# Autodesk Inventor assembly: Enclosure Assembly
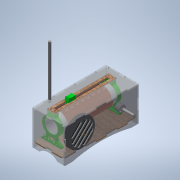
[picture p0: Inventor's stored thumbnail of the model, 180x180]
Saved by Autodesk Inventor 2021 (Build 250183000, 183)
## iProperties
Created: 2017-12-06
Part Number: Enclosure Assembly
Document SubType Name: Assembly
Designer: Andrew
Author: Andrew
## Documents named in this file (11)
- D:\OneDrive\3D Models\AM Radio\Enclosure Assembly.iam
- D:\OneDrive\3D Models\AM Radio\Knob Assembly.iam
- D:\OneDrive\3D Models\AM Radio\Potentiometer.ipt
- D:\OneDrive\3D Models\AM Radio\Enclosure Front.ipt
- D:\OneDrive\3D Models\AM Radio\Enclosure Top.ipt
- D:\OneDrive\3D Models\AM Radio\Enclosure Back.ipt
- D:\OneDrive\3D Models\AM Radio\Speaker.ipt
- D:\OneDrive\3D Models\AM Radio\Enclosure Side.ipt
- D:\OneDrive\3D Models\AM Radio\Enclosure Bottom.ipt
- D:\OneDrive\3D Models\AM Radio\Inductor Assembly.iam
- D:\OneDrive\3D Models\AM Radio\Antenna.ipt
## Components (11 placed, 10 different names)
1. Knob Assembly:1 [sub-assembly] — Mate:1, Mate:2
2. Potentiometer:1 — Mate:1, Mate:2, Mate:3, Mate:4
3. Enclosure Front:1 — Flush:1, Flush:2, Flush:3, Mate:3, Mate:4, Mate:5, Flush:5, Flush:6, Flush:12, Flush:13, Flush:14, Flush:15, Mate:11, Mate:12, Mate:13
4. Enclosure Top:1 — Flush:4, Mate:5, Flush:5, Flush:6, Flush:8, Flush:10, Flush:11, Mate:8, Mate:9, Flush:16, Flush:17, Flush:19, Mate:14, Mate:15, Mate:16
5. Enclosure Back:1 — Flush:8, Flush:18, Flush:19
6. Speaker:1 — Mate:11, Mate:12
7. Enclosure Side:1 — Flush:11, Flush:13, Flush:15
8. Enclosure Side:2 — Flush:10, Flush:12, Flush:14, Flush:18
9. Enclosure Bottom:1 — Flush:16, Flush:17, Mate:13
10. Inductor Assembly:1 [sub-assembly] — Mate:8, Mate:9
11. Antenna:1 — Mate:14, Mate:15, Mate:16
## Relationships (30: Flush 17, Mate 13)
- Mate:1: Knob Assembly:1 ↔ Potentiometer:1
- Mate:2: Knob Assembly:1 ↔ Potentiometer:1
- Flush:1: Enclosure Front:1
- Flush:2: Enclosure Front:1
- Flush:3: Enclosure Front:1
- Mate:3: Potentiometer:1 ↔ Enclosure Front:1
- Mate:4: Potentiometer:1 ↔ Enclosure Front:1
- Flush:4: Enclosure Top:1
- Mate:5: Enclosure Front:1 ↔ Enclosure Top:1
- Flush:5: Enclosure Front:1 ↔ Enclosure Top:1
- Flush:6: Enclosure Front:1 ↔ Enclosure Top:1
- Flush:8: Enclosure Top:1 ↔ Enclosure Back:1
- Flush:10: Enclosure Top:1 ↔ Enclosure Side:2
- Flush:11: Enclosure Top:1 ↔ Enclosure Side:1
- Flush:12: Enclosure Front:1 ↔ Enclosure Side:2
- Flush:13: Enclosure Front:1 ↔ Enclosure Side:1
- Flush:14: Enclosure Front:1 ↔ Enclosure Side:2
- Flush:15: Enclosure Front:1 ↔ Enclosure Side:1
- Mate:8 (0.635 mm): Enclosure Top:1 ↔ Inductor Assembly:1
- Mate:9 (0.635 mm): Enclosure Top:1 ↔ Inductor Assembly:1
- Flush:16: Enclosure Top:1 ↔ Enclosure Bottom:1
- Flush:17: Enclosure Top:1 ↔ Enclosure Bottom:1
- Mate:11: Enclosure Front:1 ↔ Speaker:1
- Mate:12: Enclosure Front:1 ↔ Speaker:1
- Mate:13 (0.35 mm): Enclosure Front:1 ↔ Enclosure Bottom:1
- Flush:18: Enclosure Back:1 ↔ Enclosure Side:2
- Flush:19: Enclosure Top:1 ↔ Enclosure Back:1
- Mate:14: Enclosure Top:1 ↔ Antenna:1
- Mate:15: Enclosure Top:1 ↔ Antenna:1
- Mate:16: Enclosure Top:1 ↔ Antenna:1

> ABOUT THIS EXERCISE
Retype the whole listing, keeping every line identical and omitting all pictures.

> ANSWER AREA
# Autodesk Inventor assembly: Enclosure Assembly
[picture p0: Inventor's stored thumbnail of the model, 180x180]
Saved by Autodesk Inventor 2021 (Build 250183000, 183)
## iProperties
Created: 2017-12-06
Part Number: Enclosure Assembly
Document SubType Name: Assembly
Designer: Andrew
Author: Andrew
## Documents named in this file (11)
- D:\OneDrive\3D Models\AM Radio\Enclosure Assembly.iam
- D:\OneDrive\3D Models\AM Radio\Knob Assembly.iam
- D:\OneDrive\3D Models\AM Radio\Potentiometer.ipt
- D:\OneDrive\3D Models\AM Radio\Enclosure Front.ipt
- D:\OneDrive\3D Models\AM Radio\Enclosure Top.ipt
- D:\OneDrive\3D Models\AM Radio\Enclosure Back.ipt
- D:\OneDrive\3D Models\AM Radio\Speaker.ipt
- D:\OneDrive\3D Models\AM Radio\Enclosure Side.ipt
- D:\OneDrive\3D Models\AM Radio\Enclosure Bottom.ipt
- D:\OneDrive\3D Models\AM Radio\Inductor Assembly.iam
- D:\OneDrive\3D Models\AM Radio\Antenna.ipt
## Components (11 placed, 10 different names)
1. Knob Assembly:1 [sub-assembly] — Mate:1, Mate:2
2. Potentiometer:1 — Mate:1, Mate:2, Mate:3, Mate:4
3. Enclosure Front:1 — Flush:1, Flush:2, Flush:3, Mate:3, Mate:4, Mate:5, Flush:5, Flush:6, Flush:12, Flush:13, Flush:14, Flush:15, Mate:11, Mate:12, Mate:13
4. Enclosure Top:1 — Flush:4, Mate:5, Flush:5, Flush:6, Flush:8, Flush:10, Flush:11, Mate:8, Mate:9, Flush:16, Flush:17, Flush:19, Mate:14, Mate:15, Mate:16
5. Enclosure Back:1 — Flush:8, Flush:18, Flush:19
6. Speaker:1 — Mate:11, Mate:12
7. Enclosure Side:1 — Flush:11, Flush:13, Flush:15
8. Enclosure Side:2 — Flush:10, Flush:12, Flush:14, Flush:18
9. Enclosure Bottom:1 — Flush:16, Flush:17, Mate:13
10. Inductor Assembly:1 [sub-assembly] — Mate:8, Mate:9
11. Antenna:1 — Mate:14, Mate:15, Mate:16
## Relationships (30: Flush 17, Mate 13)
- Mate:1: Knob Assembly:1 ↔ Potentiometer:1
- Mate:2: Knob Assembly:1 ↔ Potentiometer:1
- Flush:1: Enclosure Front:1
- Flush:2: Enclosure Front:1
- Flush:3: Enclosure Front:1
- Mate:3: Potentiometer:1 ↔ Enclosure Front:1
- Mate:4: Potentiometer:1 ↔ Enclosure Front:1
- Flush:4: Enclosure Top:1
- Mate:5: Enclosure Front:1 ↔ Enclosure Top:1
- Flush:5: Enclosure Front:1 ↔ Enclosure Top:1
- Flush:6: Enclosure Front:1 ↔ Enclosure Top:1
- Flush:8: Enclosure Top:1 ↔ Enclosure Back:1
- Flush:10: Enclosure Top:1 ↔ Enclosure Side:2
- Flush:11: Enclosure Top:1 ↔ Enclosure Side:1
- Flush:12: Enclosure Front:1 ↔ Enclosure Side:2
- Flush:13: Enclosure Front:1 ↔ Enclosure Side:1
- Flush:14: Enclosure Front:1 ↔ Enclosure Side:2
- Flush:15: Enclosure Front:1 ↔ Enclosure Side:1
- Mate:8 (0.635 mm): Enclosure Top:1 ↔ Inductor Assembly:1
- Mate:9 (0.635 mm): Enclosure Top:1 ↔ Inductor Assembly:1
- Flush:16: Enclosure Top:1 ↔ Enclosure Bottom:1
- Flush:17: Enclosure Top:1 ↔ Enclosure Bottom:1
- Mate:11: Enclosure Front:1 ↔ Speaker:1
- Mate:12: Enclosure Front:1 ↔ Speaker:1
- Mate:13 (0.35 mm): Enclosure Front:1 ↔ Enclosure Bottom:1
- Flush:18: Enclosure Back:1 ↔ Enclosure Side:2
- Flush:19: Enclosure Top:1 ↔ Enclosure Back:1
- Mate:14: Enclosure Top:1 ↔ Antenna:1
- Mate:15: Enclosure Top:1 ↔ Antenna:1
- Mate:16: Enclosure Top:1 ↔ Antenna:1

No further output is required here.